(Items from a data source)
[Start of Attachment]

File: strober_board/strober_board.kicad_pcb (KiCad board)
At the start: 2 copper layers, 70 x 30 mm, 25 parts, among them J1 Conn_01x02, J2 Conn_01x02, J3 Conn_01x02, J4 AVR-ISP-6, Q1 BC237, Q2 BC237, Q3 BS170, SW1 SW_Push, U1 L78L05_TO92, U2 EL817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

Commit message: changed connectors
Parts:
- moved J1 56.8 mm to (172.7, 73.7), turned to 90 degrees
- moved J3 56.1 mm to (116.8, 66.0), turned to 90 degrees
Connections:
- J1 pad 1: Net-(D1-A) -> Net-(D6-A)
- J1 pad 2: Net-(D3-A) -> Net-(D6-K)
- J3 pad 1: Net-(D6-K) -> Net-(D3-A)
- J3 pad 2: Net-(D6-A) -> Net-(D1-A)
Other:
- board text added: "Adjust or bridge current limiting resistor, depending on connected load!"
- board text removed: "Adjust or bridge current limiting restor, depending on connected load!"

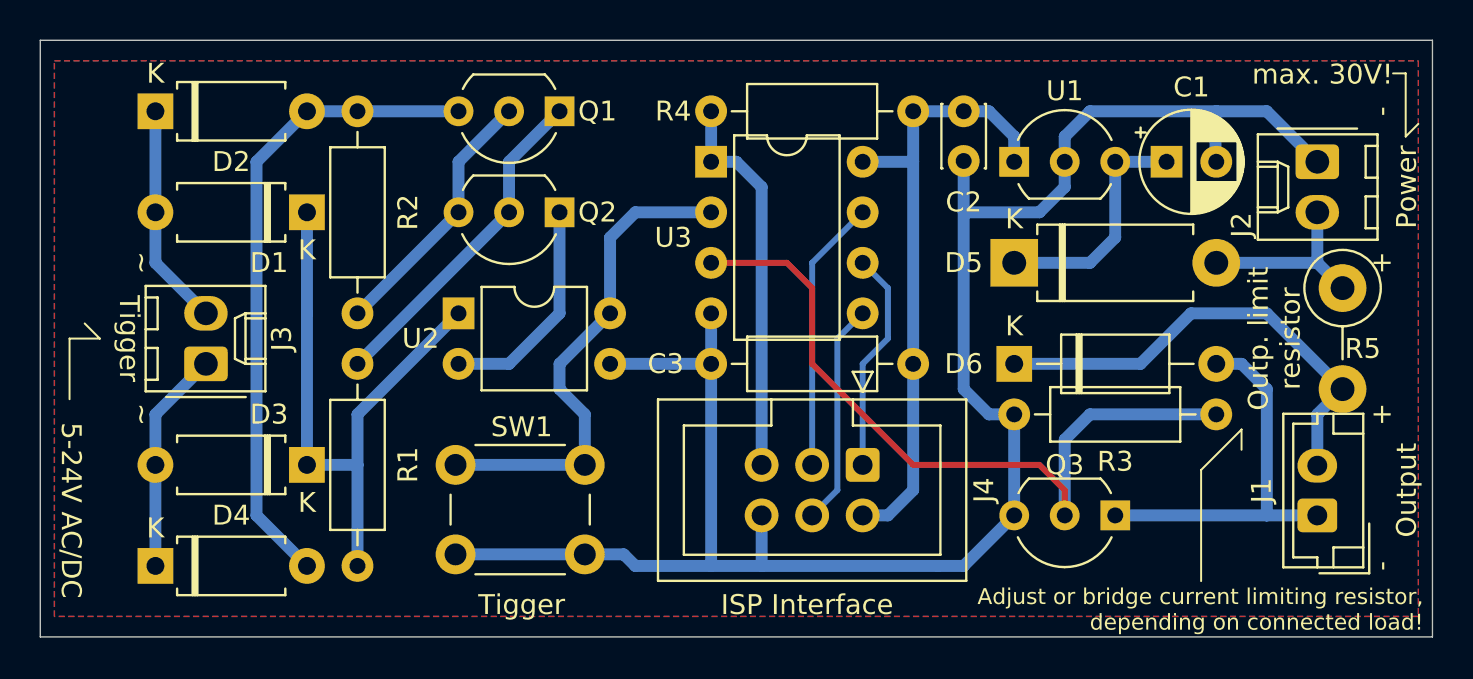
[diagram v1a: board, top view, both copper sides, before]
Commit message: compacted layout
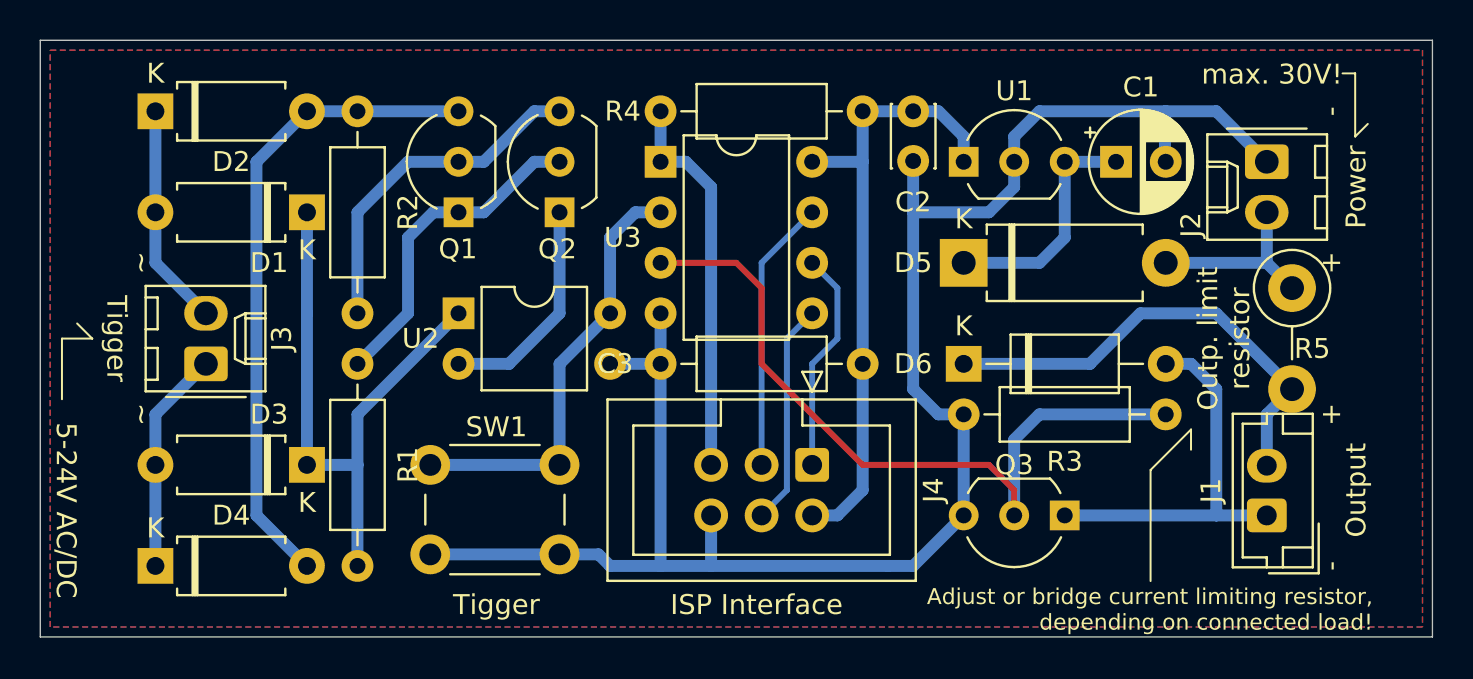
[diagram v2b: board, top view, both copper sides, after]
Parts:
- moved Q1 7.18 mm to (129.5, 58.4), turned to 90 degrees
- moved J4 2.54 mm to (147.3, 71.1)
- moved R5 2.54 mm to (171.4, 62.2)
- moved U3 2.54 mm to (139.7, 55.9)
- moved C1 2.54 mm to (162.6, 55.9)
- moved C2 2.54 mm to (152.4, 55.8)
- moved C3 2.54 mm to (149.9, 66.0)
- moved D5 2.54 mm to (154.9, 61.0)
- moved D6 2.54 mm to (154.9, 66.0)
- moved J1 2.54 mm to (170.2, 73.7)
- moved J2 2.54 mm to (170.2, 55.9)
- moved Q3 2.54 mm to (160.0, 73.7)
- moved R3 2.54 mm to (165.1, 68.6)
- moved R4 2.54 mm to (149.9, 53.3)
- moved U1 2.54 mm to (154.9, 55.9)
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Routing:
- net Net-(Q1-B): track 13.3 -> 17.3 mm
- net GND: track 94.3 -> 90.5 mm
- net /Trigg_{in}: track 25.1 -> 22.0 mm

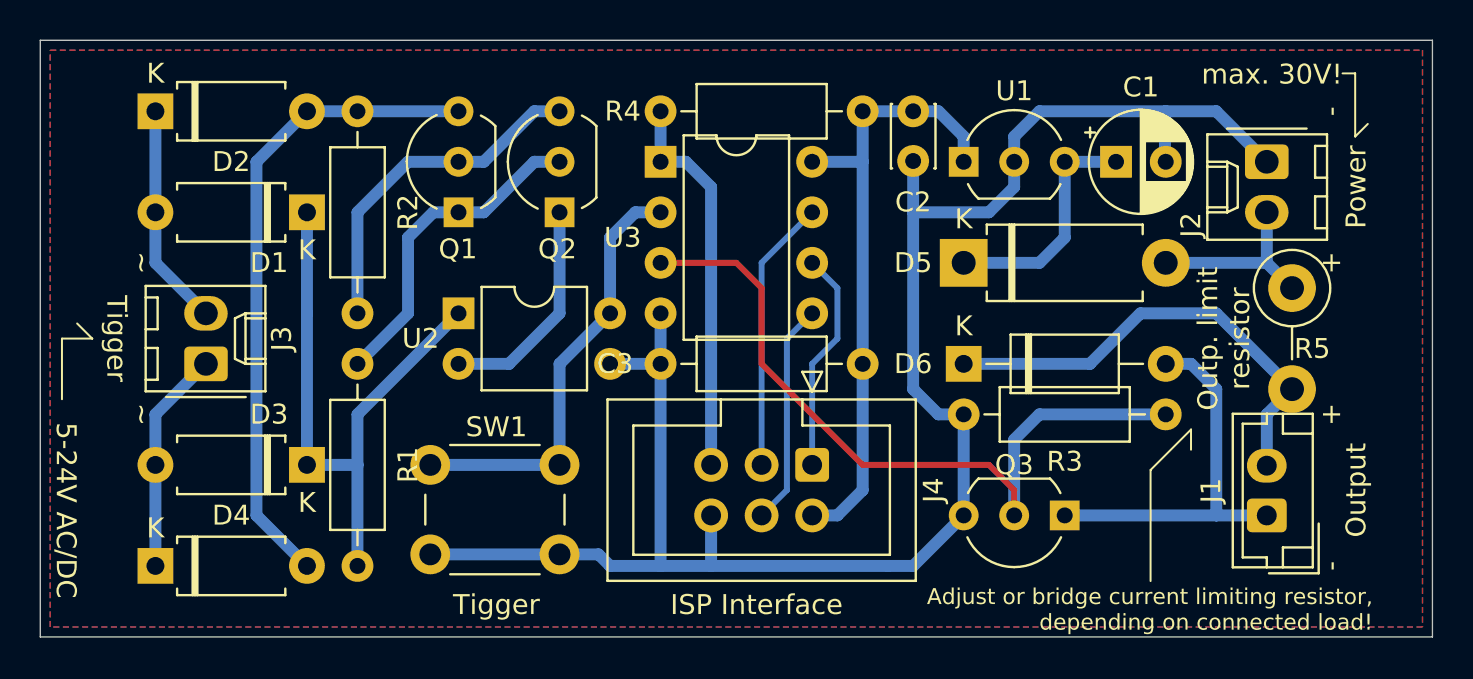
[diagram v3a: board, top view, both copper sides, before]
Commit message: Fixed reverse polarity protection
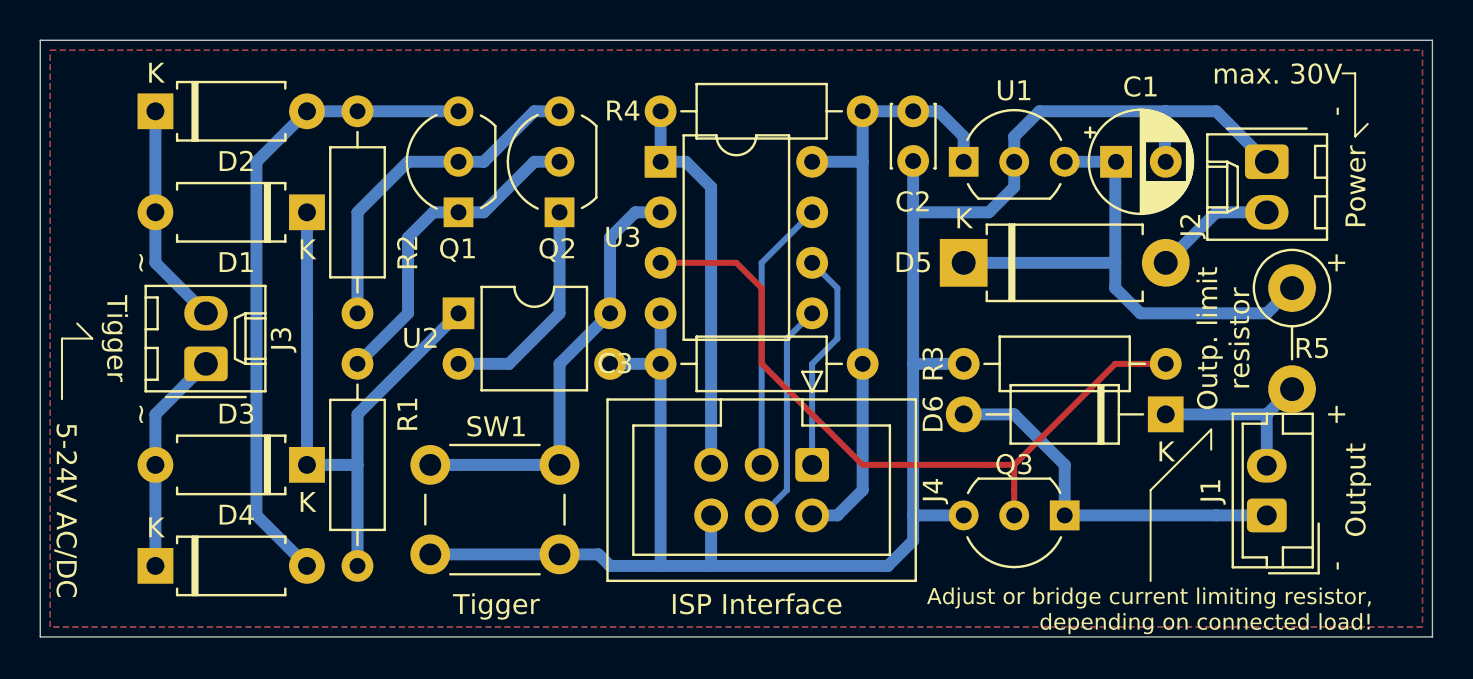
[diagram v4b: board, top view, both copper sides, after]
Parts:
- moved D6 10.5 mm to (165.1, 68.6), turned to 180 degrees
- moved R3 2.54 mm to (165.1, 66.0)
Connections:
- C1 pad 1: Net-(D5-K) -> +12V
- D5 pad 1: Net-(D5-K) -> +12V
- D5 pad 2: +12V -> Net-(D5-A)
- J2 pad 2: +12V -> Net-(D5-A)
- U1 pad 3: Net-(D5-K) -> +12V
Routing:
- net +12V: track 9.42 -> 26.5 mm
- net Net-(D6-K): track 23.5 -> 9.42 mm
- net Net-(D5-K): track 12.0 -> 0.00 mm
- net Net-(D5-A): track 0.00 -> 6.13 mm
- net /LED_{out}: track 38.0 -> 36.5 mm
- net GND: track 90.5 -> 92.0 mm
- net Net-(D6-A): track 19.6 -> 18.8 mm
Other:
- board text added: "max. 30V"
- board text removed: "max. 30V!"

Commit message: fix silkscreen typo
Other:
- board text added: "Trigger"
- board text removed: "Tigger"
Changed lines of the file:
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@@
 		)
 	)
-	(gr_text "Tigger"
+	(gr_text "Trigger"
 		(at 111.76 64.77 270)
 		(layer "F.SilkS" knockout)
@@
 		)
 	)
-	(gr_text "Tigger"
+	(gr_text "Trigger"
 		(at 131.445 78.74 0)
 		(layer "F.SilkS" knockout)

[End of Attachment]

Exercise goal: Pictures are to be left out; all else in the entries above is to be quoted exactly.

Result of the task:
File: strober_board/strober_board.kicad_pcb (KiCad board)
At the start: 2 copper layers, 70 x 30 mm, 25 parts, among them J1 Conn_01x02, J2 Conn_01x02, J3 Conn_01x02, J4 AVR-ISP-6, Q1 BC237, Q2 BC237, Q3 BS170, SW1 SW_Push, U1 L78L05_TO92, U2 EL817

Commit message: changed connectors
Parts:
- moved J1 56.8 mm to (172.7, 73.7), turned to 90 degrees
- moved J3 56.1 mm to (116.8, 66.0), turned to 90 degrees
Connections:
- J1 pad 1: Net-(D1-A) -> Net-(D6-A)
- J1 pad 2: Net-(D3-A) -> Net-(D6-K)
- J3 pad 1: Net-(D6-K) -> Net-(D3-A)
- J3 pad 2: Net-(D6-A) -> Net-(D1-A)
Other:
- board text added: "Adjust or bridge current limiting resistor, depending on connected load!"
- board text removed: "Adjust or bridge current limiting restor, depending on connected load!"

[diagram v1a: board, top view, both copper sides, before]
Commit message: compacted layout
[diagram v2b: board, top view, both copper sides, after]
Parts:
- moved Q1 7.18 mm to (129.5, 58.4), turned to 90 degrees
- moved J4 2.54 mm to (147.3, 71.1)
- moved R5 2.54 mm to (171.4, 62.2)
- moved U3 2.54 mm to (139.7, 55.9)
- moved C1 2.54 mm to (162.6, 55.9)
- moved C2 2.54 mm to (152.4, 55.8)
- moved C3 2.54 mm to (149.9, 66.0)
- moved D5 2.54 mm to (154.9, 61.0)
- moved D6 2.54 mm to (154.9, 66.0)
- moved J1 2.54 mm to (170.2, 73.7)
- moved J2 2.54 mm to (170.2, 55.9)
- moved Q3 2.54 mm to (160.0, 73.7)
- moved R3 2.54 mm to (165.1, 68.6)
- moved R4 2.54 mm to (149.9, 53.3)
- moved U1 2.54 mm to (154.9, 55.9)
Routing:
- net Net-(Q1-B): track 13.3 -> 17.3 mm
- net GND: track 94.3 -> 90.5 mm
- net /Trigg_{in}: track 25.1 -> 22.0 mm

[diagram v3a: board, top view, both copper sides, before]
Commit message: Fixed reverse polarity protection
[diagram v4b: board, top view, both copper sides, after]
Parts:
- moved D6 10.5 mm to (165.1, 68.6), turned to 180 degrees
- moved R3 2.54 mm to (165.1, 66.0)
Connections:
- C1 pad 1: Net-(D5-K) -> +12V
- D5 pad 1: Net-(D5-K) -> +12V
- D5 pad 2: +12V -> Net-(D5-A)
- J2 pad 2: +12V -> Net-(D5-A)
- U1 pad 3: Net-(D5-K) -> +12V
Routing:
- net +12V: track 9.42 -> 26.5 mm
- net Net-(D6-K): track 23.5 -> 9.42 mm
- net Net-(D5-K): track 12.0 -> 0.00 mm
- net Net-(D5-A): track 0.00 -> 6.13 mm
- net /LED_{out}: track 38.0 -> 36.5 mm
- net GND: track 90.5 -> 92.0 mm
- net Net-(D6-A): track 19.6 -> 18.8 mm
Other:
- board text added: "max. 30V"
- board text removed: "max. 30V!"

Commit message: fix silkscreen typo
Other:
- board text added: "Trigger"
- board text removed: "Tigger"
Changed lines of the file:
@@
 		)
 	)
-	(gr_text "Tigger"
+	(gr_text "Trigger"
 		(at 111.76 64.77 270)
 		(layer "F.SilkS" knockout)
@@
 		)
 	)
-	(gr_text "Tigger"
+	(gr_text "Trigger"
 		(at 131.445 78.74 0)
 		(layer "F.SilkS" knockout)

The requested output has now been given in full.